Background: Staphylococcus aureus (S. aureus) and Staphylococcus epidermidis (S. epidermidis) are associated with many clinical infections, such as surgical site infections. These major infectious diseases frequently lead to clinical complications and increased healthcare costs, as standard treatments fail due to the rise of antibiotic resistance and the formation of biofilms. Therefore, new antibacterial treatments are urgently needed.
Aim: To investigate a newly patented combination therapy comprising the metal chelator diethyldithiocarbamate (DDC) and copper ions (Cu2+) against staphylococci biofilms.
Methods: DDC and Cu2+ were tested in vitro for their antibacterial activity against methicillin-resistant S. aureus (MRSA) and S. epidermidis using the AlarmarBlue viability assay. Prevention of bacterial attachment was assessed with the xCELLigence system. In vivo toxicity and efficacy of the DDC-Cu2+ combination was investigated in infected Galleria mellonella larvae over 4 days. Statistical analysis: log-rank test with Holm-Bonferroni adjustment of Kaplan-Meier survival curves.

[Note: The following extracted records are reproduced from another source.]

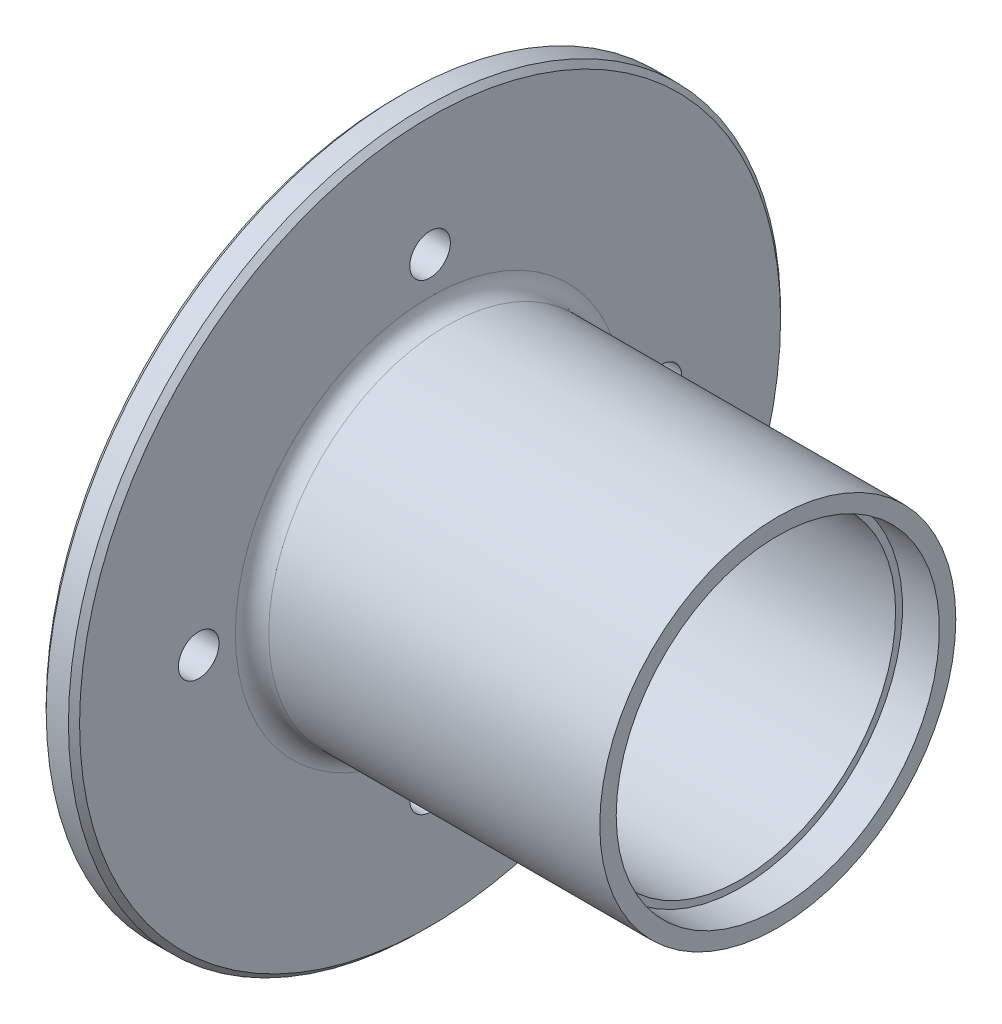
ISO-10303-21;
HEADER;
FILE_DESCRIPTION(('STEP AP214'),'2;1');
FILE_NAME('part.step','',(''),(''),'','','');
FILE_SCHEMA(('AUTOMOTIVE_DESIGN { 1 0 10303 214 1 1 1 1 }'));
ENDSEC;
DATA;
#1=APPLICATION_CONTEXT('core data for automotive mechanical design processes');
#2=APPLICATION_PROTOCOL_DEFINITION('international standard','automotive_design',2000,#1);
#3=PRODUCT_CONTEXT('',#1,'mechanical');
#4=PRODUCT('Part','Part','',(#3));
#5=PRODUCT_RELATED_PRODUCT_CATEGORY('part','',(#4));
#6=PRODUCT_DEFINITION_FORMATION('','',#4);
#7=PRODUCT_DEFINITION_CONTEXT('part definition',#1,'design');
#8=PRODUCT_DEFINITION('design','',#6,#7);
#9=PRODUCT_DEFINITION_SHAPE('','',#8);
#10=(LENGTH_UNIT() NAMED_UNIT(*) SI_UNIT(.MILLI.,.METRE.));
#11=(NAMED_UNIT(*) PLANE_ANGLE_UNIT() SI_UNIT($,.RADIAN.));
#12=(NAMED_UNIT(*) SI_UNIT($,.STERADIAN.) SOLID_ANGLE_UNIT());
#13=UNCERTAINTY_MEASURE_WITH_UNIT(LENGTH_MEASURE(1.E-05),#10,'distance_accuracy_value','');
#14=(GEOMETRIC_REPRESENTATION_CONTEXT(3) GLOBAL_UNCERTAINTY_ASSIGNED_CONTEXT((#13)) GLOBAL_UNIT_ASSIGNED_CONTEXT((#10,
#11,#12)) REPRESENTATION_CONTEXT('',''));
#15=CARTESIAN_POINT('',(0.,0.,0.));
#16=DIRECTION('',(0.,0.,1.));
#17=DIRECTION('',(1.,0.,0.));
#18=AXIS2_PLACEMENT_3D('',#15,#16,#17);
#19=CARTESIAN_POINT('',(57.7375730817676,23.0621980210306,0.));
#20=DIRECTION('',(-1.,0.,0.));
#21=DIRECTION('',(0.,0.,1.));
#22=AXIS2_PLACEMENT_3D('',#19,#20,#21);
#23=PLANE('',#22);
#24=CARTESIAN_POINT('',(57.7375730817676,0.,0.));
#25=DIRECTION('',(-1.,0.,0.));
#26=DIRECTION('',(0.,0.,1.));
#27=AXIS2_PLACEMENT_3D('',#24,#25,#26);
#28=CIRCLE('',#27,25.4102543094673);
#29=CARTESIAN_POINT('',(57.7375730817676,0.,25.4102543094673));
#30=VERTEX_POINT('',#29);
#31=EDGE_CURVE('E10',#30,#30,#28,.T.);
#32=ORIENTED_EDGE('',*,*,#31,.F.);
#33=EDGE_LOOP('',(#32));
#34=FACE_BOUND('',#33,.T.);
#35=CARTESIAN_POINT('',(57.7375730817676,0.,0.));
#36=DIRECTION('',(-1.,0.,0.));
#37=DIRECTION('',(0.,0.,1.));
#38=AXIS2_PLACEMENT_3D('',#35,#36,#37);
#39=CIRCLE('',#38,23.0621980210306);
#40=CARTESIAN_POINT('',(57.7375730817676,0.,23.0621980210306));
#41=VERTEX_POINT('',#40);
#42=EDGE_CURVE('E100',#41,#41,#39,.T.);
#43=ORIENTED_EDGE('',*,*,#42,.T.);
#44=EDGE_LOOP('',(#43));
#45=FACE_BOUND('',#44,.T.);
#46=ADVANCED_FACE('F37',(#34,#45),#23,.F.);
#47=CARTESIAN_POINT('',(0.,0.,0.));
#48=DIRECTION('',(-1.,0.,0.));
#49=DIRECTION('',(0.,0.,1.));
#50=AXIS2_PLACEMENT_3D('',#47,#48,#49);
#51=CYLINDRICAL_SURFACE('',#50,25.4102543094673);
#52=CARTESIAN_POINT('',(10.4935730817675,0.,0.));
#53=DIRECTION('',(-1.,0.,0.));
#54=DIRECTION('',(0.,0.,1.));
#55=AXIS2_PLACEMENT_3D('',#52,#53,#54);
#56=CIRCLE('',#55,25.4102543094673);
#57=CARTESIAN_POINT('',(10.4935730817675,0.,25.4102543094673));
#58=VERTEX_POINT('',#57);
#59=EDGE_CURVE('E44',#58,#58,#56,.T.);
#60=ORIENTED_EDGE('',*,*,#59,.F.);
#61=EDGE_LOOP('',(#60));
#62=FACE_BOUND('',#61,.T.);
#63=ORIENTED_EDGE('',*,*,#31,.T.);
#64=EDGE_LOOP('',(#63));
#65=FACE_BOUND('',#64,.T.);
#66=ADVANCED_FACE('F182',(#62,#65),#51,.T.);
#67=CARTESIAN_POINT('',(10.4935730817675,0.,0.));
#68=DIRECTION('',(-1.,0.,0.));
#69=DIRECTION('',(0.,0.,1.));
#70=AXIS2_PLACEMENT_3D('',#67,#68,#69);
#71=TOROIDAL_SURFACE('',#70,27.7924656509799,2.38221134151256);
#72=ORIENTED_EDGE('',*,*,#59,.T.);
#73=EDGE_LOOP('',(#72));
#74=FACE_BOUND('',#73,.T.);
#75=CARTESIAN_POINT('',(8.11136174025498,0.,0.));
#76=DIRECTION('',(-1.,0.,0.));
#77=DIRECTION('',(0.,0.,1.));
#78=AXIS2_PLACEMENT_3D('',#75,#76,#77);
#79=CIRCLE('',#78,27.7924656509799);
#80=CARTESIAN_POINT('',(8.11136174025498,0.,27.7924656509799));
#81=VERTEX_POINT('',#80);
#82=EDGE_CURVE('E49',#81,#81,#79,.T.);
#83=ORIENTED_EDGE('',*,*,#82,.F.);
#84=EDGE_LOOP('',(#83));
#85=FACE_BOUND('',#84,.T.);
#86=ADVANCED_FACE('F176',(#74,#85),#71,.F.);
#87=CARTESIAN_POINT('',(8.11136174025498,27.7924656509799,0.));
#88=DIRECTION('',(-1.,0.,0.));
#89=DIRECTION('',(0.,0.,1.));
#90=AXIS2_PLACEMENT_3D('',#87,#88,#89);
#91=PLANE('',#90);
#92=CARTESIAN_POINT('',(8.11136174025498,3.45866141425801E-13,33.02));
#93=DIRECTION('',(-1.,0.,0.));
#94=DIRECTION('',(0.,0.,1.));
#95=AXIS2_PLACEMENT_3D('',#92,#93,#94);
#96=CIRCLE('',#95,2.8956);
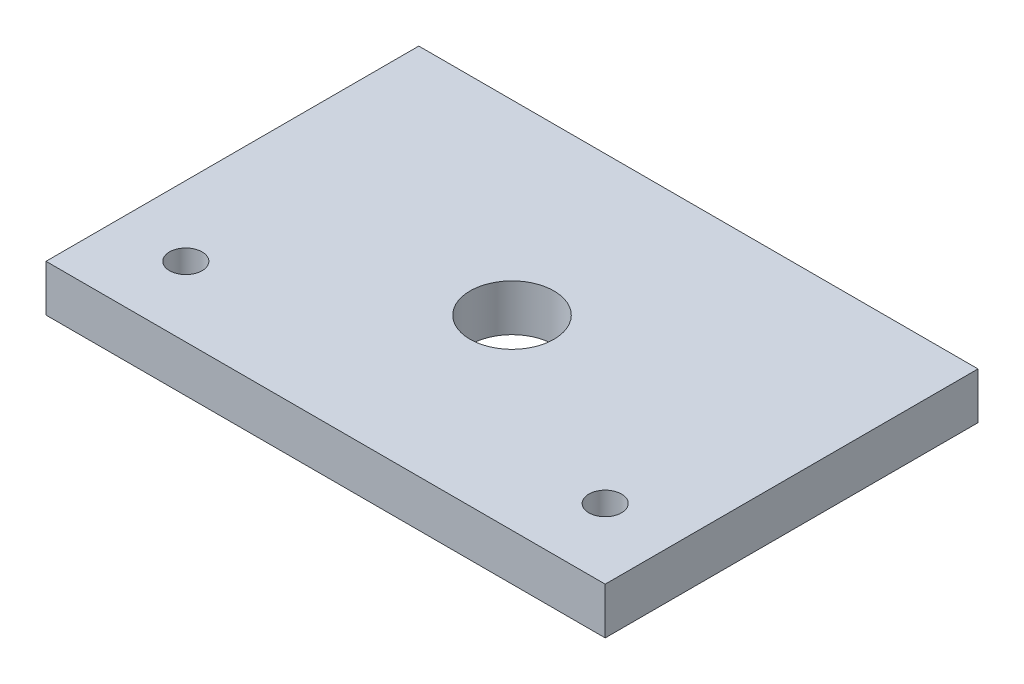
ISO-10303-21;
HEADER;
FILE_DESCRIPTION(('STEP AP214'),'2;1');
FILE_NAME('part.step','',(''),(''),'','','');
FILE_SCHEMA(('AUTOMOTIVE_DESIGN { 1 0 10303 214 1 1 1 1 }'));
ENDSEC;
DATA;
#1=APPLICATION_CONTEXT('core data for automotive mechanical design processes');
#2=APPLICATION_PROTOCOL_DEFINITION('international standard','automotive_design',2000,#1);
#3=PRODUCT_CONTEXT('',#1,'mechanical');
#4=PRODUCT('Part','Part','',(#3));
#5=PRODUCT_RELATED_PRODUCT_CATEGORY('part','',(#4));
#6=PRODUCT_DEFINITION_FORMATION('','',#4);
#7=PRODUCT_DEFINITION_CONTEXT('part definition',#1,'design');
#8=PRODUCT_DEFINITION('design','',#6,#7);
#9=PRODUCT_DEFINITION_SHAPE('','',#8);
#10=(LENGTH_UNIT() NAMED_UNIT(*) SI_UNIT(.MILLI.,.METRE.));
#11=(NAMED_UNIT(*) PLANE_ANGLE_UNIT() SI_UNIT($,.RADIAN.));
#12=(NAMED_UNIT(*) SI_UNIT($,.STERADIAN.) SOLID_ANGLE_UNIT());
#13=UNCERTAINTY_MEASURE_WITH_UNIT(LENGTH_MEASURE(1.E-05),#10,'distance_accuracy_value','');
#14=(GEOMETRIC_REPRESENTATION_CONTEXT(3) GLOBAL_UNCERTAINTY_ASSIGNED_CONTEXT((#13)) GLOBAL_UNIT_ASSIGNED_CONTEXT((#10,
#11,#12)) REPRESENTATION_CONTEXT('',''));
#15=CARTESIAN_POINT('',(0.,0.,0.));
#16=DIRECTION('',(0.,0.,1.));
#17=DIRECTION('',(1.,0.,0.));
#18=AXIS2_PLACEMENT_3D('',#15,#16,#17);
#19=CARTESIAN_POINT('',(0.,10.,0.));
#20=DIRECTION('',(0.,-1.,0.));
#21=DIRECTION('',(0.,0.,-1.));
#22=AXIS2_PLACEMENT_3D('',#19,#20,#21);
#23=PLANE('',#22);
#24=DIRECTION('',(0.,0.,-1.));
#25=VECTOR('',#24,1.);
#26=CARTESIAN_POINT('',(60.,10.,40.));
#27=LINE('',#26,#25);
#28=CARTESIAN_POINT('',(60.,10.,40.));
#29=VERTEX_POINT('',#28);
#30=CARTESIAN_POINT('',(60.,10.,-40.));
#31=VERTEX_POINT('',#30);
#32=EDGE_CURVE('E89',#29,#31,#27,.T.);
#33=ORIENTED_EDGE('',*,*,#32,.T.);
#34=DIRECTION('',(-1.,0.,0.));
#35=VECTOR('',#34,1.);
#36=CARTESIAN_POINT('',(-60.,10.,-40.));
#37=LINE('',#36,#35);
#38=CARTESIAN_POINT('',(-60.,10.,-40.));
#39=VERTEX_POINT('',#38);
#40=EDGE_CURVE('E84',#31,#39,#37,.T.);
#41=ORIENTED_EDGE('',*,*,#40,.T.);
#42=DIRECTION('',(0.,0.,1.));
#43=VECTOR('',#42,1.);
#44=CARTESIAN_POINT('',(-60.,10.,40.));
#45=LINE('',#44,#43);
#46=CARTESIAN_POINT('',(-60.,10.,40.));
#47=VERTEX_POINT('',#46);
#48=EDGE_CURVE('E87',#39,#47,#45,.T.);
#49=ORIENTED_EDGE('',*,*,#48,.T.);
#50=DIRECTION('',(1.,0.,0.));
#51=VECTOR('',#50,1.);
#52=CARTESIAN_POINT('',(-60.,10.,40.));
#53=LINE('',#52,#51);
#54=EDGE_CURVE('E54',#47,#29,#53,.T.);
#55=ORIENTED_EDGE('',*,*,#54,.T.);
#56=EDGE_LOOP('',(#33,#41,#49,#55));
#57=FACE_BOUND('',#56,.T.);
#58=CARTESIAN_POINT('',(0.,10.,0.));
#59=DIRECTION('',(0.,1.,0.));
#60=DIRECTION('',(0.,0.,1.));
#61=AXIS2_PLACEMENT_3D('',#58,#59,#60);
#62=CIRCLE('',#61,8.99999999999999);
#63=CARTESIAN_POINT('',(0.,10.,9.));
#64=VERTEX_POINT('',#63);
#65=EDGE_CURVE('E104',#64,#64,#62,.T.);
#66=ORIENTED_EDGE('',*,*,#65,.F.);
#67=EDGE_LOOP('',(#66));
#68=FACE_BOUND('',#67,.T.);
#69=CARTESIAN_POINT('',(-45.,10.,25.));
#70=DIRECTION('',(0.,1.,0.));
#71=DIRECTION('',(0.,0.,1.));
#72=AXIS2_PLACEMENT_3D('',#69,#70,#71);
#73=CIRCLE('',#72,3.5);
#74=CARTESIAN_POINT('',(-45.,10.,28.5));
#75=VERTEX_POINT('',#74);
#76=EDGE_CURVE('E119',#75,#75,#73,.T.);
#77=ORIENTED_EDGE('',*,*,#76,.F.);
#78=EDGE_LOOP('',(#77));
#79=FACE_BOUND('',#78,.T.);
#80=CARTESIAN_POINT('',(45.,10.,25.));
#81=DIRECTION('',(0.,1.,0.));
#82=DIRECTION('',(0.,0.,1.));
#83=AXIS2_PLACEMENT_3D('',#80,#81,#82);
#84=CIRCLE('',#83,3.5);
#85=CARTESIAN_POINT('',(45.,10.,28.5));
#86=VERTEX_POINT('',#85);
#87=EDGE_CURVE('E125',#86,#86,#84,.T.);
#88=ORIENTED_EDGE('',*,*,#87,.F.);
#89=EDGE_LOOP('',(#88));
#90=FACE_BOUND('',#89,.T.);
#91=ADVANCED_FACE('F37',(#57,#68,#79,#90),#23,.F.);
#92=CARTESIAN_POINT('',(0.,0.,0.));
#93=DIRECTION('',(0.,-1.,0.));
#94=DIRECTION('',(0.,0.,-1.));
#95=AXIS2_PLACEMENT_3D('',#92,#93,#94);
#96=PLANE('',#95);
#97=CARTESIAN_POINT('',(-45.,0.,25.));
#98=DIRECTION('',(0.,1.,0.));
#99=DIRECTION('',(0.,0.,1.));
#100=AXIS2_PLACEMENT_3D('',#97,#98,#99);
#101=CIRCLE('',#100,3.5);
#102=CARTESIAN_POINT('',(-45.,0.,28.5));
#103=VERTEX_POINT('',#102);
#104=EDGE_CURVE('E122',#103,#103,#101,.T.);
#105=ORIENTED_EDGE('',*,*,#104,.T.);
#106=EDGE_LOOP('',(#105));
#107=FACE_BOUND('',#106,.T.);
#108=DIRECTION('',(0.,0.,-1.));
#109=VECTOR('',#108,1.);
#110=CARTESIAN_POINT('',(60.,0.,40.));
#111=LINE('',#110,#109);
#112=CARTESIAN_POINT('',(60.,0.,40.));
#113=VERTEX_POINT('',#112);
#114=CARTESIAN_POINT('',(60.,0.,-40.));
#115=VERTEX_POINT('',#114);
#116=EDGE_CURVE('E101',#113,#115,#111,.T.);
#117=ORIENTED_EDGE('',*,*,#116,.F.);
#118=DIRECTION('',(1.,0.,0.));
#119=VECTOR('',#118,1.);
#120=CARTESIAN_POINT('',(-60.,0.,40.));
#121=LINE('',#120,#119);
#122=CARTESIAN_POINT('',(-60.,0.,40.));
#123=VERTEX_POINT('',#122);
#124=EDGE_CURVE('E77',#123,#113,#121,.T.);
#125=ORIENTED_EDGE('',*,*,#124,.F.);
#126=DIRECTION('',(0.,0.,1.));
#127=VECTOR('',#126,1.);
#128=CARTESIAN_POINT('',(-60.,0.,40.));
#129=LINE('',#128,#127);
#130=CARTESIAN_POINT('',(-60.,0.,-40.));
#131=VERTEX_POINT('',#130);
#132=EDGE_CURVE('E71',#131,#123,#129,.T.);
#133=ORIENTED_EDGE('',*,*,#132,.F.);
#134=DIRECTION('',(-1.,0.,0.));
#135=VECTOR('',#134,1.);
#136=CARTESIAN_POINT('',(-60.,0.,-40.));
#137=LINE('',#136,#135);
#138=EDGE_CURVE('E93',#115,#131,#137,.T.);
#139=ORIENTED_EDGE('',*,*,#138,.F.);
#140=EDGE_LOOP('',(#117,#125,#133,#139));
#141=FACE_BOUND('',#140,.T.);
#142=CARTESIAN_POINT('',(0.,0.,0.));
#143=DIRECTION('',(0.,1.,0.));
#144=DIRECTION('',(0.,0.,1.));
#145=AXIS2_PLACEMENT_3D('',#142,#143,#144);
#146=CIRCLE('',#145,8.99999999999999);
#147=CARTESIAN_POINT('',(0.,0.,9.));
#148=VERTEX_POINT('',#147);
#149=EDGE_CURVE('E116',#148,#148,#146,.T.);
#150=ORIENTED_EDGE('',*,*,#149,.T.);
#151=EDGE_LOOP('',(#150));
#152=FACE_BOUND('',#151,.T.);
#153=CARTESIAN_POINT('',(45.,0.,25.));
#154=DIRECTION('',(0.,1.,0.));
#155=DIRECTION('',(0.,0.,1.));
#156=AXIS2_PLACEMENT_3D('',#153,#154,#155);
#157=CIRCLE('',#156,3.5);
#158=CARTESIAN_POINT('',(45.,0.,28.5));
#159=VERTEX_POINT('',#158);
#160=EDGE_CURVE('E128',#159,#159,#157,.T.);
#161=ORIENTED_EDGE('',*,*,#160,.T.);
#162=EDGE_LOOP('',(#161));
#163=FACE_BOUND('',#162,.T.);
#164=ADVANCED_FACE('F112',(#107,#141,#152,#163),#96,.T.);
#165=CARTESIAN_POINT('',(60.,10.,40.));
#166=DIRECTION('',(-1.,0.,0.));
#167=DIRECTION('',(0.,0.,1.));
#168=AXIS2_PLACEMENT_3D('',#165,#166,#167);
#169=PLANE('',#168);
#170=ORIENTED_EDGE('',*,*,#116,.T.);
#171=DIRECTION('',(0.,-1.,0.));
#172=VECTOR('',#171,1.);
#173=CARTESIAN_POINT('',(60.,10.,-40.));
#174=LINE('',#173,#172);
#175=EDGE_CURVE('E11',#31,#115,#174,.T.);
#176=ORIENTED_EDGE('',*,*,#175,.F.);
#177=ORIENTED_EDGE('',*,*,#32,.F.);
#178=DIRECTION('',(0.,-1.,0.));
#179=VECTOR('',#178,1.);
#180=CARTESIAN_POINT('',(60.,10.,40.));
#181=LINE('',#180,#179);
#182=EDGE_CURVE('E97',#29,#113,#181,.T.);
#183=ORIENTED_EDGE('',*,*,#182,.T.);
#184=EDGE_LOOP('',(#170,#176,#177,#183));
#185=FACE_BOUND('',#184,.T.);
#186=ADVANCED_FACE('F39',(#185),#169,.F.);
#187=CARTESIAN_POINT('',(-60.,10.,-40.));
#188=DIRECTION('',(0.,0.,1.));
#189=DIRECTION('',(1.,0.,0.));
#190=AXIS2_PLACEMENT_3D('',#187,#188,#189);
#191=PLANE('',#190);
#192=ORIENTED_EDGE('',*,*,#138,.T.);
#193=DIRECTION('',(0.,-1.,0.));
#194=VECTOR('',#193,1.);
#195=CARTESIAN_POINT('',(-60.,10.,-40.));
#196=LINE('',#195,#194);
#197=EDGE_CURVE('E46',#39,#131,#196,.T.);
#198=ORIENTED_EDGE('',*,*,#197,.F.);
#199=ORIENTED_EDGE('',*,*,#40,.F.);
#200=ORIENTED_EDGE('',*,*,#175,.T.);
#201=EDGE_LOOP('',(#192,#198,#199,#200));
#202=FACE_BOUND('',#201,.T.);
#203=ADVANCED_FACE('F92',(#202),#191,.F.);
#204=CARTESIAN_POINT('',(-60.,10.,40.));
#205=DIRECTION('',(1.,0.,0.));
#206=DIRECTION('',(0.,0.,-1.));
#207=AXIS2_PLACEMENT_3D('',#204,#205,#206);
#208=PLANE('',#207);
#209=ORIENTED_EDGE('',*,*,#132,.T.);
#210=DIRECTION('',(0.,-1.,0.));
#211=VECTOR('',#210,1.);
#212=CARTESIAN_POINT('',(-60.,10.,40.));
#213=LINE('',#212,#211);
#214=EDGE_CURVE('E94',#47,#123,#213,.T.);
#215=ORIENTED_EDGE('',*,*,#214,.F.);
#216=ORIENTED_EDGE('',*,*,#48,.F.);
#217=ORIENTED_EDGE('',*,*,#197,.T.);
#218=EDGE_LOOP('',(#209,#215,#216,#217));
#219=FACE_BOUND('',#218,.T.);
#220=ADVANCED_FACE('F95',(#219),#208,.F.);
#221=CARTESIAN_POINT('',(-60.,10.,40.));
#222=DIRECTION('',(0.,0.,-1.));
#223=DIRECTION('',(-1.,0.,0.));
#224=AXIS2_PLACEMENT_3D('',#221,#222,#223);
#225=PLANE('',#224);
#226=ORIENTED_EDGE('',*,*,#124,.T.);
#227=ORIENTED_EDGE('',*,*,#182,.F.);
#228=ORIENTED_EDGE('',*,*,#54,.F.);
#229=ORIENTED_EDGE('',*,*,#214,.T.);
#230=EDGE_LOOP('',(#226,#227,#228,#229));
#231=FACE_BOUND('',#230,.T.);
#232=ADVANCED_FACE('F109',(#231),#225,.F.);
#233=CARTESIAN_POINT('',(0.,10.,0.));
#234=DIRECTION('',(0.,-1.,0.));
#235=DIRECTION('',(0.,0.,-1.));
#236=AXIS2_PLACEMENT_3D('',#233,#234,#235);
#237=CYLINDRICAL_SURFACE('',#236,8.99999999999999);
#238=ORIENTED_EDGE('',*,*,#65,.T.);
#239=EDGE_LOOP('',(#238));
#240=FACE_BOUND('',#239,.T.);
#241=ORIENTED_EDGE('',*,*,#149,.F.);
#242=EDGE_LOOP('',(#241));
#243=FACE_BOUND('',#242,.T.);
#244=ADVANCED_FACE('F145',(#240,#243),#237,.F.);
#245=CARTESIAN_POINT('',(-45.,10.,25.));
#246=DIRECTION('',(0.,-1.,0.));
#247=DIRECTION('',(0.,0.,-1.));
#248=AXIS2_PLACEMENT_3D('',#245,#246,#247);
#249=CYLINDRICAL_SURFACE('',#248,3.5);
#250=ORIENTED_EDGE('',*,*,#76,.T.);
#251=EDGE_LOOP('',(#250));
#252=FACE_BOUND('',#251,.T.);
#253=ORIENTED_EDGE('',*,*,#104,.F.);
#254=EDGE_LOOP('',(#253));
#255=FACE_BOUND('',#254,.T.);
#256=ADVANCED_FACE('F199',(#252,#255),#249,.F.);
#257=CARTESIAN_POINT('',(45.,10.,25.));
#258=DIRECTION('',(0.,-1.,0.));
#259=DIRECTION('',(0.,0.,-1.));
#260=AXIS2_PLACEMENT_3D('',#257,#258,#259);
#261=CYLINDRICAL_SURFACE('',#260,3.5);
#262=ORIENTED_EDGE('',*,*,#87,.T.);
#263=EDGE_LOOP('',(#262));
#264=FACE_BOUND('',#263,.T.);
#265=ORIENTED_EDGE('',*,*,#160,.F.);
#266=EDGE_LOOP('',(#265));
#267=FACE_BOUND('',#266,.T.);
#268=ADVANCED_FACE('F134',(#264,#267),#261,.F.);
#269=CLOSED_SHELL('',(#91,#164,#186,#203,#220,#232,#244,#256,#268));
#270=MANIFOLD_SOLID_BREP('B2',#269);
#271=ADVANCED_BREP_SHAPE_REPRESENTATION('',(#18,#270),#14);
#272=SHAPE_DEFINITION_REPRESENTATION(#9,#271);
ENDSEC;
END-ISO-10303-21;

Results: While DDC and Cu2+ alone failed to show substantial antibacterial activity, the DDC-Cu2+ combination demonstrated concentration-dependent antibacterial properties, with 99% MRSA and 87% S. epidermidis biofilm killing. When left untreated, staphylococci attached to surfaces over 48 h (cell index of MRSA: 0.50; S. epidermidis: 0.46), but attachment was prevented when treated with DDC-Cu2+ (cell index of MRSA: 0.04; S. epidermidis: 0.03). DDC-Cu2+ showed no toxicity in Galleria mellonella larvae and significantly increased the survival of MRSA infected larvae over 4 days (87% survival of infected, treated larvae vs. 47% survival of infected, untreated larvae, p<0.001).
Conclusion: DDC-Cu2+ effectively inhibited the attachment of staphylococci biofilms in vitro and showed non-toxicity and antimicrobial activity in vivo. Delivered in a thermosensitive gel, DDC-Cu2+ has capacity to progress to mammalian animal studies for the treatment of surgical site infections.